▶ Task directions:
Beginning at the top of the data below, restate every line word for word until the line containing "line L0 (-11.5875, -9.812)" has been included, and omit the pictures.

▶ Working data:
####################
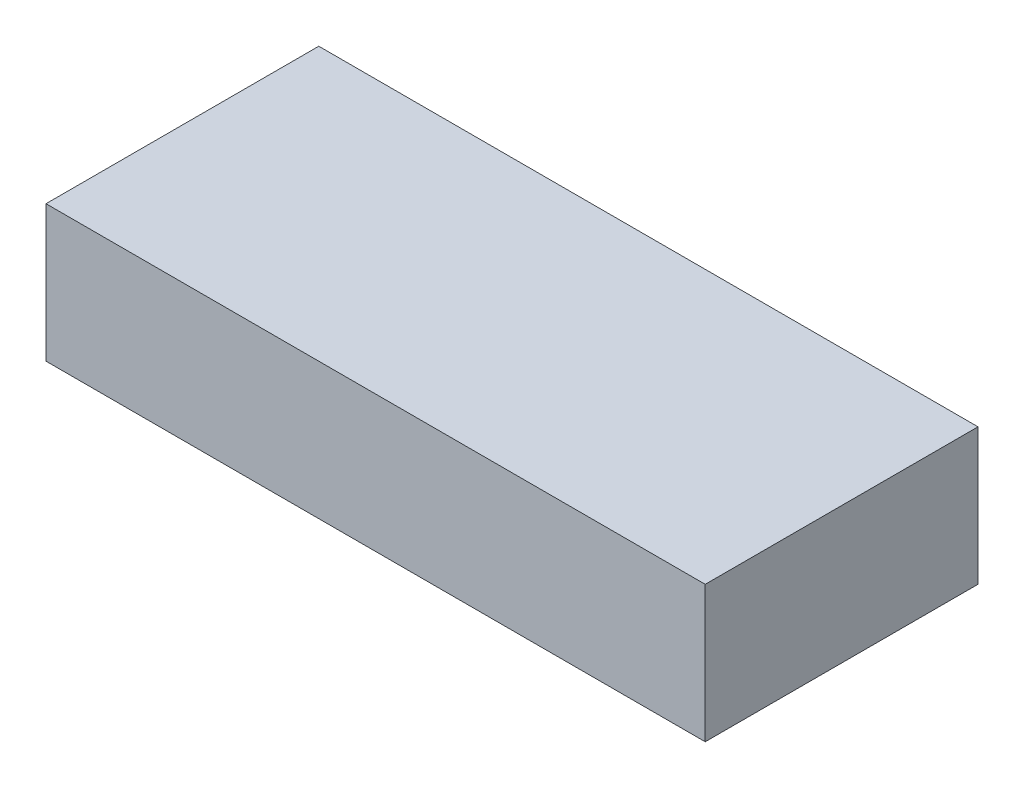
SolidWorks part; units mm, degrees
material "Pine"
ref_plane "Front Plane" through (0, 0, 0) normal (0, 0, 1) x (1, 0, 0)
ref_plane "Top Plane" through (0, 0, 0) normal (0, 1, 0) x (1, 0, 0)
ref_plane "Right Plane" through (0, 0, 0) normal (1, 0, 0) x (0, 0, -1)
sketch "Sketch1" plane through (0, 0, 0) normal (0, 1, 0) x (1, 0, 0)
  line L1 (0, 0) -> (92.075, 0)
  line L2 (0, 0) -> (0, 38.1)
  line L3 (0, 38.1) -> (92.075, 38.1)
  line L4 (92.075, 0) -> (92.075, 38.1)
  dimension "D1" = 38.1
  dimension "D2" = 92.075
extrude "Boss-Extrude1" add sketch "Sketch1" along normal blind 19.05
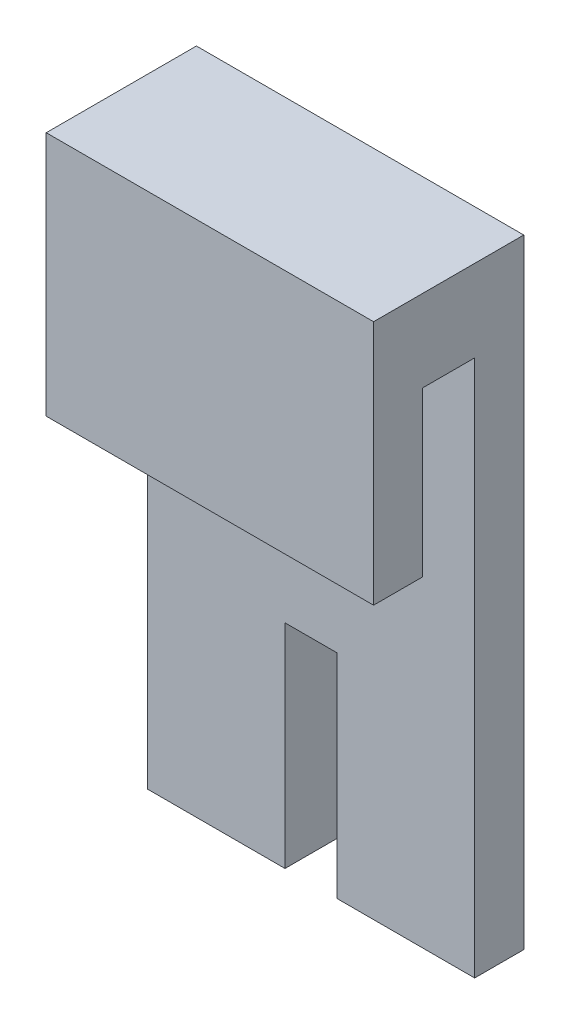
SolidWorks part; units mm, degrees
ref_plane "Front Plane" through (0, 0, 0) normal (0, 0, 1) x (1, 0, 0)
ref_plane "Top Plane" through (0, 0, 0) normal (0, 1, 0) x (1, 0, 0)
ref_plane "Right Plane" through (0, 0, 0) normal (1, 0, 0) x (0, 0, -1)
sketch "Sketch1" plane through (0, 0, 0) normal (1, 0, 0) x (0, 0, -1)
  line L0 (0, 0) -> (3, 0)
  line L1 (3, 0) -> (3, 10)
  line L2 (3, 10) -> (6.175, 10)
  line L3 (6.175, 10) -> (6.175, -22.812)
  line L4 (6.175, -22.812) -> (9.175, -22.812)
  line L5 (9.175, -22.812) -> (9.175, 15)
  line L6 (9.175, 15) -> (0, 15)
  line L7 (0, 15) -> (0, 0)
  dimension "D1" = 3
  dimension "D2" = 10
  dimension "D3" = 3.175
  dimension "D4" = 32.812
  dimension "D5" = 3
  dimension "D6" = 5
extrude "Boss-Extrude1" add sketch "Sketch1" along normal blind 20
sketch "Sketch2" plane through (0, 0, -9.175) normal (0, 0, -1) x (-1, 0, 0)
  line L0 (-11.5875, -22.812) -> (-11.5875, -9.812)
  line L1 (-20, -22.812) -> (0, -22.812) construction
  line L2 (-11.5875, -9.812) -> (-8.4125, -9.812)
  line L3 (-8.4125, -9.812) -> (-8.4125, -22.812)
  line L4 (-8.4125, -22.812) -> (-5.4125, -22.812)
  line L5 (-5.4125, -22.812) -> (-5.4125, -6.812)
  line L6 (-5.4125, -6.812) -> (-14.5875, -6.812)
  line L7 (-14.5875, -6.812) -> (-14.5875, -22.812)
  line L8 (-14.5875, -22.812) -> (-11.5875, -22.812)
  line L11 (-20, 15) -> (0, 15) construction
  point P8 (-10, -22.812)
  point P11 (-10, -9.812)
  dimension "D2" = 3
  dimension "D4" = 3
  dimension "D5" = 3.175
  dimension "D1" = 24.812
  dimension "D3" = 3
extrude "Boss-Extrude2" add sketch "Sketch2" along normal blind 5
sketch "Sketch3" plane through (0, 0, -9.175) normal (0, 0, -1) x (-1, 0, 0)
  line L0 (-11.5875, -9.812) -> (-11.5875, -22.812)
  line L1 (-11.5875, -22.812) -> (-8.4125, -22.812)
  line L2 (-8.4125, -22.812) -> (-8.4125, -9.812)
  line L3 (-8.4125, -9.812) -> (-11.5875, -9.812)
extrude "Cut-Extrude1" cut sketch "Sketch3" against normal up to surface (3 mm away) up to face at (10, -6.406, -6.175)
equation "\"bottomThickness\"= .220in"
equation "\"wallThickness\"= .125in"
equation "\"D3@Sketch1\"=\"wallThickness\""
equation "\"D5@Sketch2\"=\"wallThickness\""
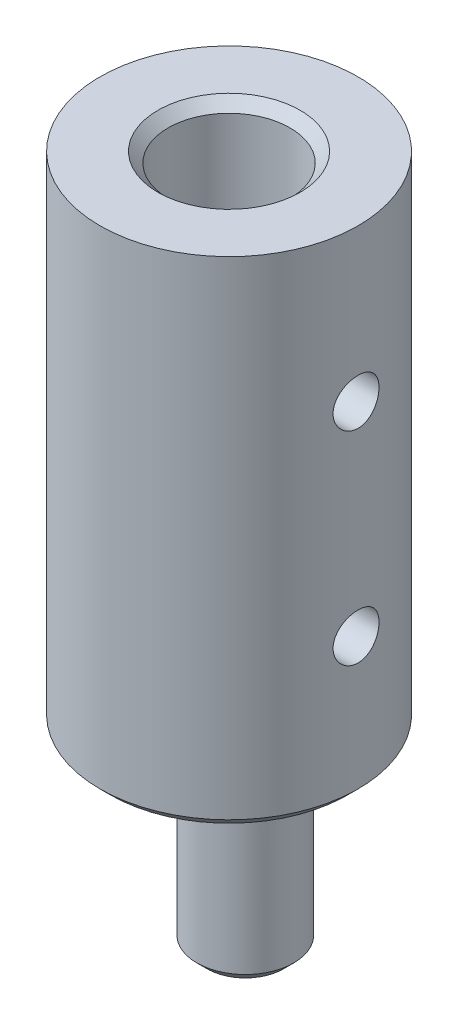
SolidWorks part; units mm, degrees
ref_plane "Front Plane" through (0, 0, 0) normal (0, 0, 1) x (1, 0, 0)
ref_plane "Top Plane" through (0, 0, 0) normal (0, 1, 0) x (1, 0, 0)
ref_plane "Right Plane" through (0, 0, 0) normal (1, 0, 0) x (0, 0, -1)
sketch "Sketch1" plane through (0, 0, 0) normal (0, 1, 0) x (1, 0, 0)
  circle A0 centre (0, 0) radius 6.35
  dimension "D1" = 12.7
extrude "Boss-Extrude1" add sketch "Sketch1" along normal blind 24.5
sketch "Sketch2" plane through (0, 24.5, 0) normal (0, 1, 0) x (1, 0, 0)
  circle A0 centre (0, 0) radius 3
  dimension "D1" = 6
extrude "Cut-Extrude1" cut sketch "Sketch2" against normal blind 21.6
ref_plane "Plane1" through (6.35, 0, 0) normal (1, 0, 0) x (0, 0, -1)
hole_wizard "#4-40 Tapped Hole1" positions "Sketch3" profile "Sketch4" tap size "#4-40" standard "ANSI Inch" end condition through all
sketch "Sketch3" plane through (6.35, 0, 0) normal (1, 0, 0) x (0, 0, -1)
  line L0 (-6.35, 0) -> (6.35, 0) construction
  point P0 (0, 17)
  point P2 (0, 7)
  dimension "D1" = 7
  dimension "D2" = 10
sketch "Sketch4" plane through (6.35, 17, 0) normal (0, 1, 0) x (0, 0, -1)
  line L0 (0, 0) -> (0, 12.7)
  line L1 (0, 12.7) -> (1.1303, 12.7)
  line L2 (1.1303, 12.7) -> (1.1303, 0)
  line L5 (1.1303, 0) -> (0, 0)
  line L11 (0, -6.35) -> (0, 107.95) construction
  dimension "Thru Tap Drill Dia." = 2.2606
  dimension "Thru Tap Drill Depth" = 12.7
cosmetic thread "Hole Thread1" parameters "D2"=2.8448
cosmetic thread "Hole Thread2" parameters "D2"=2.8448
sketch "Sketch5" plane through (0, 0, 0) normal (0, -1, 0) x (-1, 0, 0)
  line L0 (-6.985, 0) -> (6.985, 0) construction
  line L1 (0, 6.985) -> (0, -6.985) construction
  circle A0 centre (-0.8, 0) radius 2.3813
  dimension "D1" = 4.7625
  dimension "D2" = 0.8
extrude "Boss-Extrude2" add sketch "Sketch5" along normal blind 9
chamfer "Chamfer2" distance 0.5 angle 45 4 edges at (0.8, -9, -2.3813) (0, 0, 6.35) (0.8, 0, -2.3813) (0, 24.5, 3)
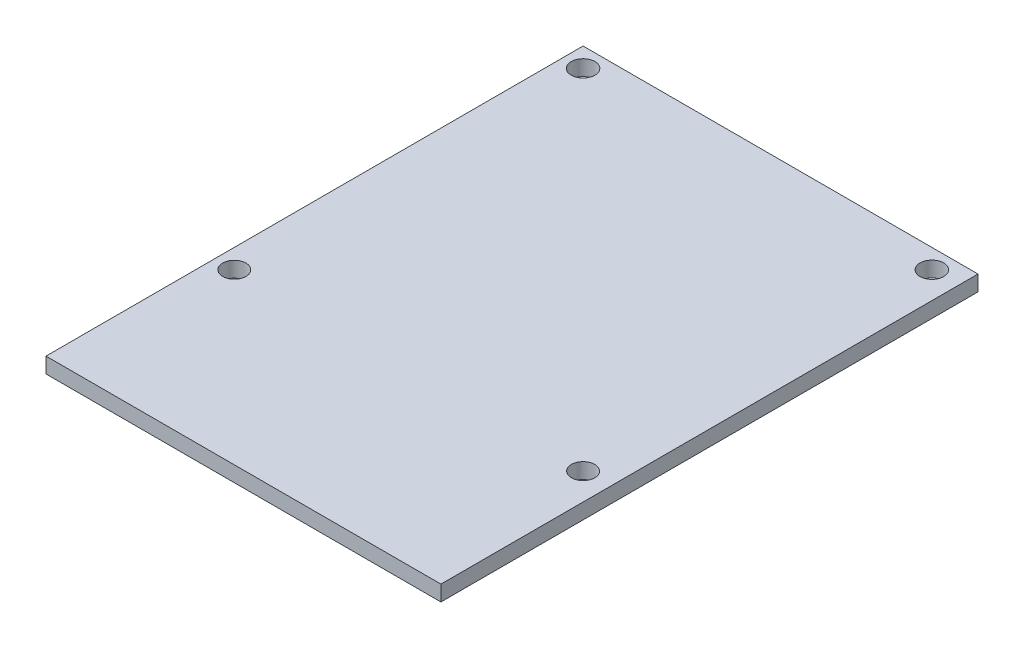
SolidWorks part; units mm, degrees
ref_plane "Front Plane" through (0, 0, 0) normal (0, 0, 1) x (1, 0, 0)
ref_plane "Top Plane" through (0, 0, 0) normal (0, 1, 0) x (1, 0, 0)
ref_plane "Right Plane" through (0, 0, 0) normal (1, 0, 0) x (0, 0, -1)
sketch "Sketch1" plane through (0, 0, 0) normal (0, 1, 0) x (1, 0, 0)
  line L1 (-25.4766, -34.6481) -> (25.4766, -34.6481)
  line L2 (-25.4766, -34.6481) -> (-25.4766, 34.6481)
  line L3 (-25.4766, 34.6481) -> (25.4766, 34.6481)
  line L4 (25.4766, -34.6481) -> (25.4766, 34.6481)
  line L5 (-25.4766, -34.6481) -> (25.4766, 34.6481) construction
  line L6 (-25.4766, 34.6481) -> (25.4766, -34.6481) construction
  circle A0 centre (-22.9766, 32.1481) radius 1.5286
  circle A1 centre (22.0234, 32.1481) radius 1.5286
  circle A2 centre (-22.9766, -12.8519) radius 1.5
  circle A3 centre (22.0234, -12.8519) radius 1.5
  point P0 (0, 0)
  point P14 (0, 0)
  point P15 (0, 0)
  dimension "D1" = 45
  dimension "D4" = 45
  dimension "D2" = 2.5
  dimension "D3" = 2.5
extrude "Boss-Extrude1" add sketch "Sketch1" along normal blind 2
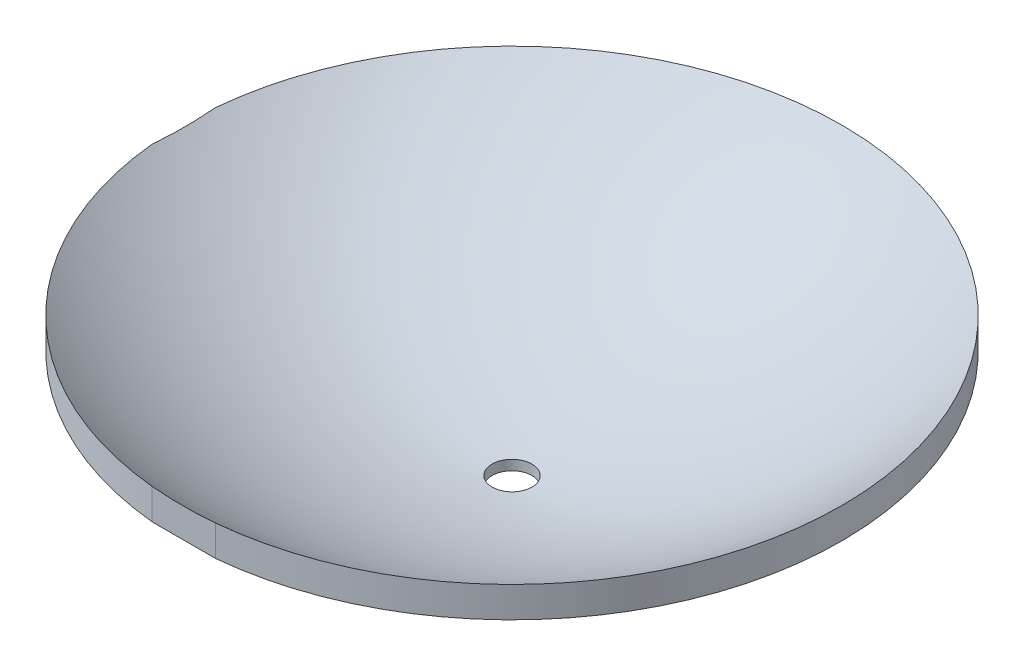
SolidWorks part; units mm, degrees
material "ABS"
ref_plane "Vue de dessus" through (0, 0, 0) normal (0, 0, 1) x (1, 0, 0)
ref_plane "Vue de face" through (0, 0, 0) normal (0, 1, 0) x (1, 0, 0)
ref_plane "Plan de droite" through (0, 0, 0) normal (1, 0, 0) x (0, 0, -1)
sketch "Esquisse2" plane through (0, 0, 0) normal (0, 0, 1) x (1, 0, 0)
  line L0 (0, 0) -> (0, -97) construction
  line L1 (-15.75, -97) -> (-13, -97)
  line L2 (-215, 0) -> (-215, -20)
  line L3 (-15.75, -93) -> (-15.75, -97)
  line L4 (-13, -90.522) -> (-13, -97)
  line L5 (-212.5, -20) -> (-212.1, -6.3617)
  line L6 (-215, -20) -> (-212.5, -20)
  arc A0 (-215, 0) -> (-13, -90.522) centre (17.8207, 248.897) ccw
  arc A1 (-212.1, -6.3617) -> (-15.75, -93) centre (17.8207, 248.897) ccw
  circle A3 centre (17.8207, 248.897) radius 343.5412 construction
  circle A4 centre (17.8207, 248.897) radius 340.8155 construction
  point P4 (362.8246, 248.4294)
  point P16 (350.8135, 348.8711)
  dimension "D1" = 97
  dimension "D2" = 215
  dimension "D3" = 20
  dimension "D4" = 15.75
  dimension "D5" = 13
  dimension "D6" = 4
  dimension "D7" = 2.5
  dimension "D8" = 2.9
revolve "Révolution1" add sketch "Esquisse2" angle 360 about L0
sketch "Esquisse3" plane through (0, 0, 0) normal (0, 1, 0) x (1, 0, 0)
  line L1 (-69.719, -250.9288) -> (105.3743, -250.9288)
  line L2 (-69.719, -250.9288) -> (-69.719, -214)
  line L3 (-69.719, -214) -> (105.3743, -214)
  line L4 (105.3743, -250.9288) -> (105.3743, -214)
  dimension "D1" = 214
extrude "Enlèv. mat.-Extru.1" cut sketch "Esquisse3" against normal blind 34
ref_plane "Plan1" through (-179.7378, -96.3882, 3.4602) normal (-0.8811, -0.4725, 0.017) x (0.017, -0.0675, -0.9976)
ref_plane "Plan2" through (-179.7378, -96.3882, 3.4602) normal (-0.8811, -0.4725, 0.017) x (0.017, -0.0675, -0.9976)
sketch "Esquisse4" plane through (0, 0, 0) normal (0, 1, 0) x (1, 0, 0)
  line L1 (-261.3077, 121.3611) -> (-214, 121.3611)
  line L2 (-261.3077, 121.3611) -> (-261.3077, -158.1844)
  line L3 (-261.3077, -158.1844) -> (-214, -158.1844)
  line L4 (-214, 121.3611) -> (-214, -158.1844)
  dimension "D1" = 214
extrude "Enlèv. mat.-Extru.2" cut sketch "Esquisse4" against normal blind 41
####################
▶ Written response:
SolidWorks part; units mm, degrees
material "Pine"
ref_plane "Front Plane" through (0, 0, 0) normal (0, 0, 1) x (1, 0, 0)
ref_plane "Top Plane" through (0, 0, 0) normal (0, 1, 0) x (1, 0, 0)
ref_plane "Right Plane" through (0, 0, 0) normal (1, 0, 0) x (0, 0, -1)
sketch "Sketch1" plane through (0, 0, 0) normal (0, 1, 0) x (1, 0, 0)
  line L1 (0, 0) -> (92.075, 0)
  line L2 (0, 0) -> (0, 38.1)
  line L3 (0, 38.1) -> (92.075, 38.1)
  line L4 (92.075, 0) -> (92.075, 38.1)
  dimension "D1" = 38.1
  dimension "D2" = 92.075
extrude "Boss-Extrude1" add sketch "Sketch1" along normal blind 19.05
SolidWorks part; units mm, degrees
ref_plane "Front Plane" through (0, 0, 0) normal (0, 0, 1) x (1, 0, 0)
ref_plane "Top Plane" through (0, 0, 0) normal (0, 1, 0) x (1, 0, 0)
ref_plane "Right Plane" through (0, 0, 0) normal (1, 0, 0) x (0, 0, -1)
sketch "Sketch1" plane through (0, 0, 0) normal (1, 0, 0) x (0, 0, -1)
  line L0 (0, 0) -> (3, 0)
  line L1 (3, 0) -> (3, 10)
  line L2 (3, 10) -> (6.175, 10)
  line L3 (6.175, 10) -> (6.175, -22.812)
  line L4 (6.175, -22.812) -> (9.175, -22.812)
  line L5 (9.175, -22.812) -> (9.175, 15)
  line L6 (9.175, 15) -> (0, 15)
  line L7 (0, 15) -> (0, 0)
  dimension "D1" = 3
  dimension "D2" = 10
  dimension "D3" = 3.175
  dimension "D4" = 32.812
  dimension "D5" = 3
  dimension "D6" = 5
extrude "Boss-Extrude1" add sketch "Sketch1" along normal blind 20
sketch "Sketch2" plane through (0, 0, -9.175) normal (0, 0, -1) x (-1, 0, 0)
  line L0 (-11.5875, -22.812) -> (-11.5875, -9.812)
  line L1 (-20, -22.812) -> (0, -22.812) construction
  line L2 (-11.5875, -9.812) -> (-8.4125, -9.812)
  line L3 (-8.4125, -9.812) -> (-8.4125, -22.812)
  line L4 (-8.4125, -22.812) -> (-5.4125, -22.812)
  line L5 (-5.4125, -22.812) -> (-5.4125, -6.812)
  line L6 (-5.4125, -6.812) -> (-14.5875, -6.812)
  line L7 (-14.5875, -6.812) -> (-14.5875, -22.812)
  line L8 (-14.5875, -22.812) -> (-11.5875, -22.812)
  line L11 (-20, 15) -> (0, 15) construction
  point P8 (-10, -22.812)
  point P11 (-10, -9.812)
  dimension "D2" = 3
  dimension "D4" = 3
  dimension "D5" = 3.175
  dimension "D1" = 24.812
  dimension "D3" = 3
extrude "Boss-Extrude2" add sketch "Sketch2" along normal blind 5
sketch "Sketch3" plane through (0, 0, -9.175) normal (0, 0, -1) x (-1, 0, 0)
  line L0 (-11.5875, -9.812) -> (-11.5875, -22.812)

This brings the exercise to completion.